The report main graphs are also briefly described in the following and an example is provided here:
- SBS time trends: shows the time trends of the SBS scores. The first tab shows absolute (standardized) values; the second tab shows the relative values with respect to the other brands.
- Brand positioning: compares brand importance (SBS) and brand sentiment.
- SBS ranking and dimensions: shows how each dimension of the SBS contributes to the average final ranking (SBS is rescaled in the range [0,300], and each dimension score can vary from 0 to 100).
- Brand associations: shows the most frequent and unique associations, together with their frequency values.
- Most frequent words: shows the most frequent words for each time period.
- Time trends of unique associations: shows the time trends of the number of unique associations for each brand.
- Brand Image Similarity: shows the degree of similarity of different brands based on their shared associations. Brands/concepts that are associated with the same words will be close to one another in the graph. Reading the graph, you should focus on the distance among brands. The axes have no direct meaning (coordinates result from multidimensional scaling).
- Target words: shows a ranking of the words with the highest connectivity scores, considering the full period of analysis, with values rescaled in the range [0, 100].
- Topic modeling: shows the results of the topic modeling.
- Network: shows a network representing the main discourse topics. Each topic is represented by a white node and a network cluster. Brand nodes are shown in red. This graph might not be visible when you download the results on your local PC. Please put the files on a server in order to see it.
- Representative words: shows the most representative words for each topics, ranked based on their importance score.
- Brand/Topic associations: shows how much each brand is related to the different topics (percentage) and, in the second tab, how much each brand is important for the different topics. These values are calculated considering the strength of the brand connections with the most representative words of each topic (typically the top 300, not all words in the topic). In rare cases, it might happen that the prevailing topic for a brand is not the same as shown in the network graph. This is because, in the network graph, all the words of a topic are considered and not only the most representative ones. If this is the case, we suggest referring to the results of the bar charts, which are more accurate than the network.
- Top topics: ranks the discourse topics by importance.
- Topic connections: shows the strength of connections among topics.
You have the possibility to download processed input files.
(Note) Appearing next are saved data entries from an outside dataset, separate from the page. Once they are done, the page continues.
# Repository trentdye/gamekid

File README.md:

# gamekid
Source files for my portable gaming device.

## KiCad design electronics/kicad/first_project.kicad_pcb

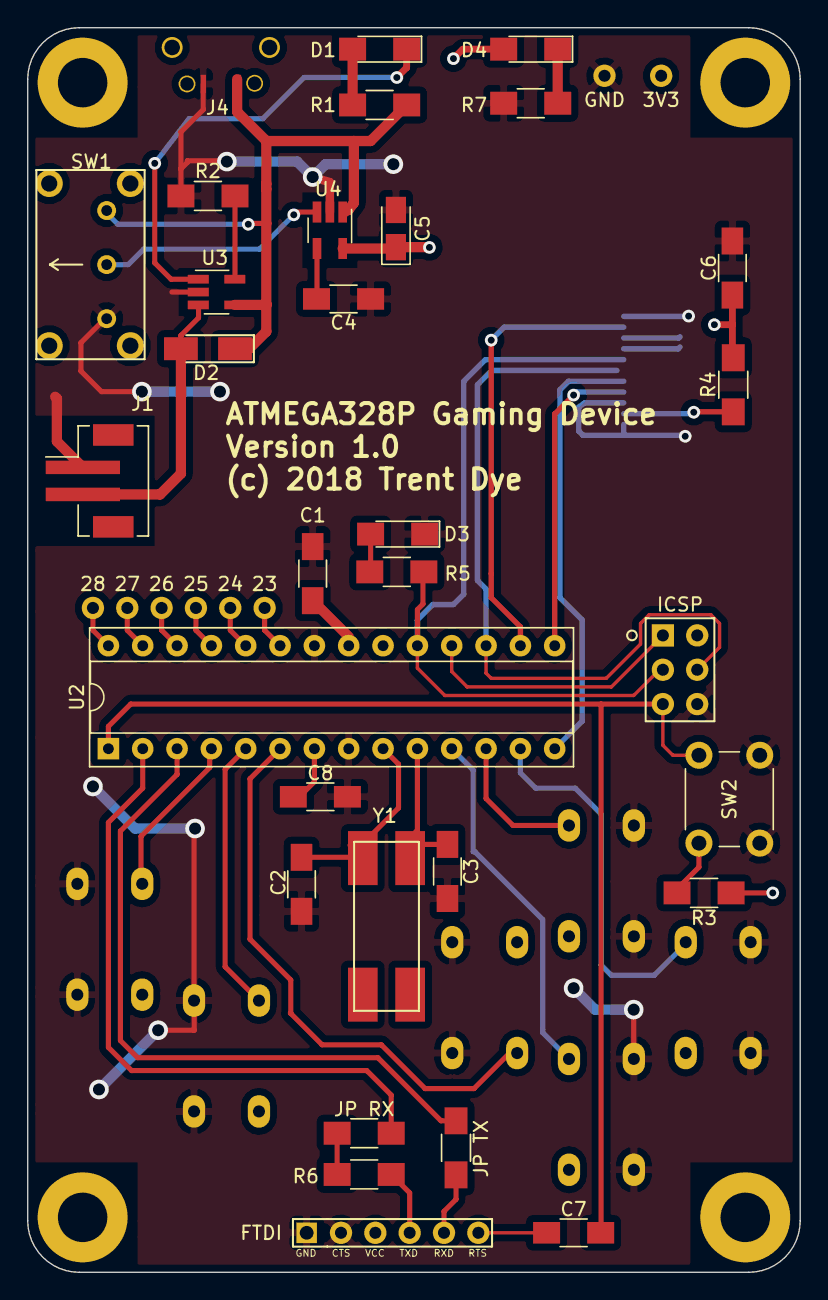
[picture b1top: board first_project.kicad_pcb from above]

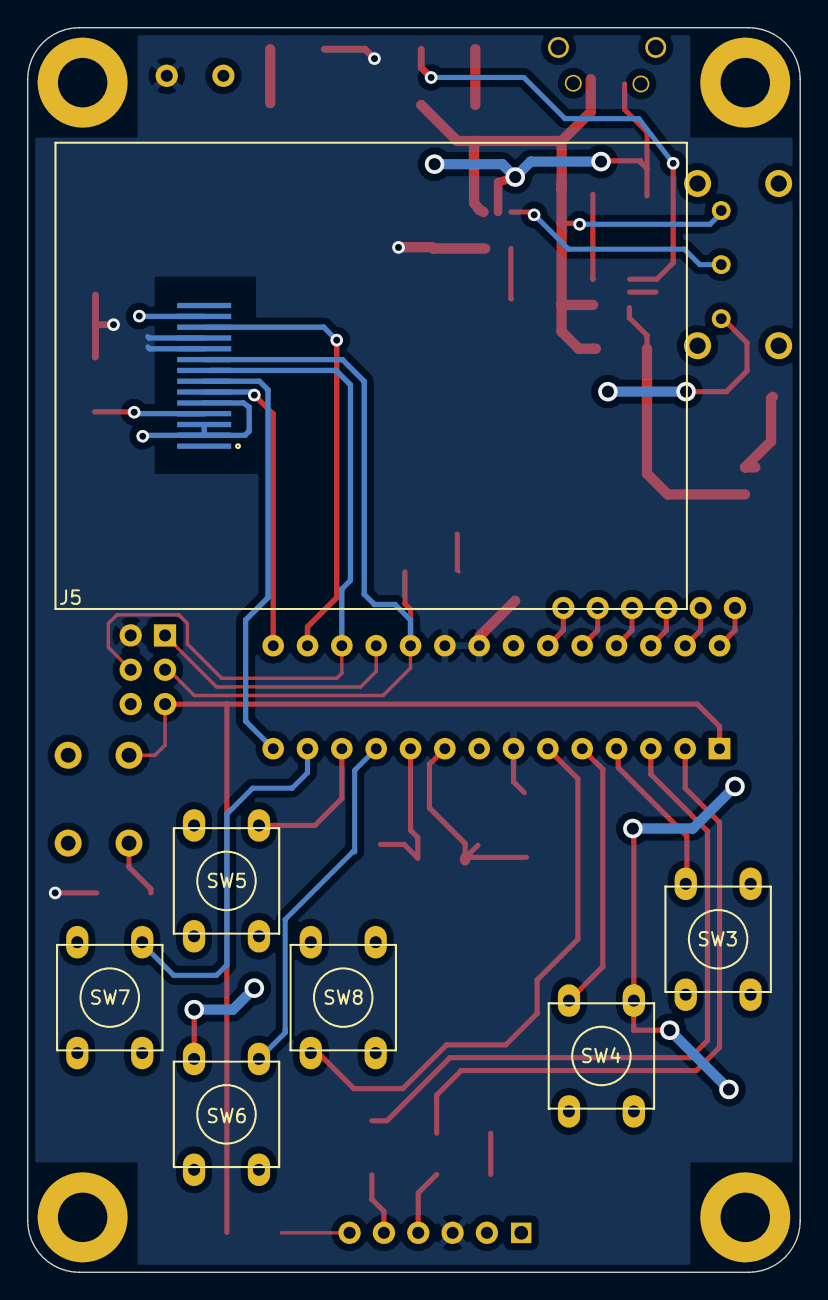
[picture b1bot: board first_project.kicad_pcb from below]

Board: 2 copper layers, 57.1 x 92.1 mm, 46 parts (7 on the bottom side), 39 nets.

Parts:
3V3: +3.3V; TP
23: PC0; TP
24: PC1; TP
25: PC2; TP
26: PC3; TP
27: PC4; TP
28: PC5; TP
C1, C7, C8: 0.1 uF; C_1206_HandSoldering
C2, C3: 20pF; C_1206_HandSoldering
C4: 470pf; C_1206_HandSoldering
C5: 10uF; CP_Tantalum_Case-S_EIA-3216-12_Reflow
C6: .1uF; C_1206_HandSoldering
D1, D3, D4: LED; LED_1206_HandSoldering
D2: B340A
FTDI: FTDI_HEADER
GND: TEST; TP
ICSP: ICSP_HEADER
J1: JST; JST_PH_B2B-PH-SM4-TB_02x2.00mm_Straight
J4: MICROUSB; 10118194-0001LF
J5: 1.8IN_TFT_ST7735_RIBBON; JDT-1800
JP RX: MCU_RXD; R_1206_HandSoldering
JP TX: MCU_TXD; R_1206_HandSoldering
R1: 330; R_1206_HandSoldering
R2: 10k; R_1206_HandSoldering
R3, R6: 10K; R_1206_HandSoldering
R4: 22; R_1206_HandSoldering
R5, R7: 60; R_1206_HandSoldering
SW1: 1825232-1; EG1224
SW2: 450-1647-ND; SW_PUSH_6mm_h4.3mm
SW3: BTN_A; ADAFRUIT_SOFT_TOUCH_BUTTON
SW4: BTN_B; ADAFRUIT_SOFT_TOUCH_BUTTON
SW5: BTN_U; ADAFRUIT_SOFT_TOUCH_BUTTON
SW6: BTN_D; ADAFRUIT_SOFT_TOUCH_BUTTON
SW7: BTN_L; ADAFRUIT_SOFT_TOUCH_BUTTON
SW8: BTN_R; ADAFRUIT_SOFT_TOUCH_BUTTON
U2: ATMEGA328P-PU; DIP-28_W7.62mm_Socket
U3: MCP73831; SOT-23-5_HandSoldering
U4: MIC5219-3.3; SOT-23-5_HandSoldering
Y1: CrystalSMD4Pin; ECS-80-16-28AX-TR

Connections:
+3V3: 3V3.1, C1.1, C5.1, C6.1, C8.1, D4.2, FTDI.3, ICSP.2, J5.10, J5.11, R3.1, R4.2, U2.7, U2.20, U2.21, U4.5
+BATT: D2.2, J1.2, U3.3
BUTTON_A: SW3.1, U2.4
BUTTON_B: SW4.1, U2.5
BUTTON_DOWN: SW6.1, U2.11
BUTTON_LEFT: SW7.1, U2.13
BUTTON_RIGHT: SW8.1, U2.6
BUTTON_UP: SW5.1, U2.12
CS: J5.12, U2.16
DISP_LED+: J5.4, R4.1
DISP_RESET: J5.6, U2.15
DISP_RS: J5.7, U2.14
GND: C1.2, C2.2, C3.2, C4.1, C5.2, C6.2, C8.2, D3.1, FTDI.1, FTDI.2, GND.1, ICSP.6, J1.1, J4.5, J5.2, J5.3, J5.5, J5.13, R2.1, R7.2, SW1.3, SW2.2, SW3.2, SW4.2, SW5.2, SW6.2, SW7.2, SW8.2, U2.8, U2.22, U3.2, U4.2
MCU_RESET: C7.2, ICSP.5, R3.2, SW2.1, U2.1
MISO: ICSP.1, U2.18
MOSI: ICSP.4, J5.8, U2.17
unnamed: C4.2, U4.4
unnamed: C7.1, FTDI.6
unnamed: D1.1, U3.1
unnamed: D1.2, R1.1
unnamed: D3.2, R5.1
unnamed: D4.1, R7.1
unnamed: FTDI.4, R6.1
unnamed: FTDI.5, JP TX.2
unnamed: JP RX.2, R6.2
unnamed: R2.2, U3.5
unnamed: SW1.2, U4.3
unnamed: 23.1, U2.23
unnamed: 24.1, U2.24
unnamed: 25.1, U2.25
unnamed: 26.1, U2.26
unnamed: 27.1, U2.27
unnamed: 28.1, U2.28
RXD: JP RX.1, U2.2
SCK: ICSP.3, J5.9, R5.2, U2.19
TXD: JP TX.1, U2.3
VBUS: D2.1, J4.1, R1.2, SW1.1, U3.4, U4.1
XTAL1: C2.1, U2.9, Y1.1
XTAL2: C3.1, U2.10, Y1.4

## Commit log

2018-05-16 Added source code and (e)CAD files.
2018-05-16 Added BOM
2018-08-16 Add project documentation document
2018-08-16 Add project documentation file to top level

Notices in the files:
electronics/kicad/first_project.kicad_pcb:
(c) 2018 Trent Dye

In these files, you will find the original documents organized by periods of analysis. The original text is preprocessed according to the parameters configuration (e.g., removal of stopwords, stemming, general cleaning, etc.). Source weights are retained if present, and an additional column indicates the document number.
The software lets you download the semantic networks generated for each analysis period. Networks are saved in the Pajek “.net” format (see here for more information or look at the Networks page).
These are the files with the full results of the main analysis, the same used to generate the graphical reports. For a complete description, we recommend participating in an SBS BI workshop. Please unzip the file for a proper view of the results. We list and briefly describe each file here:
- REPORT.html: this is the graphical report you can also see online. Please note that you must put this file and its dependencies on a server to view the topic network graph.
- PARAMINFO.py: this is a file for developers, with a recap of the parameters used for the analysis.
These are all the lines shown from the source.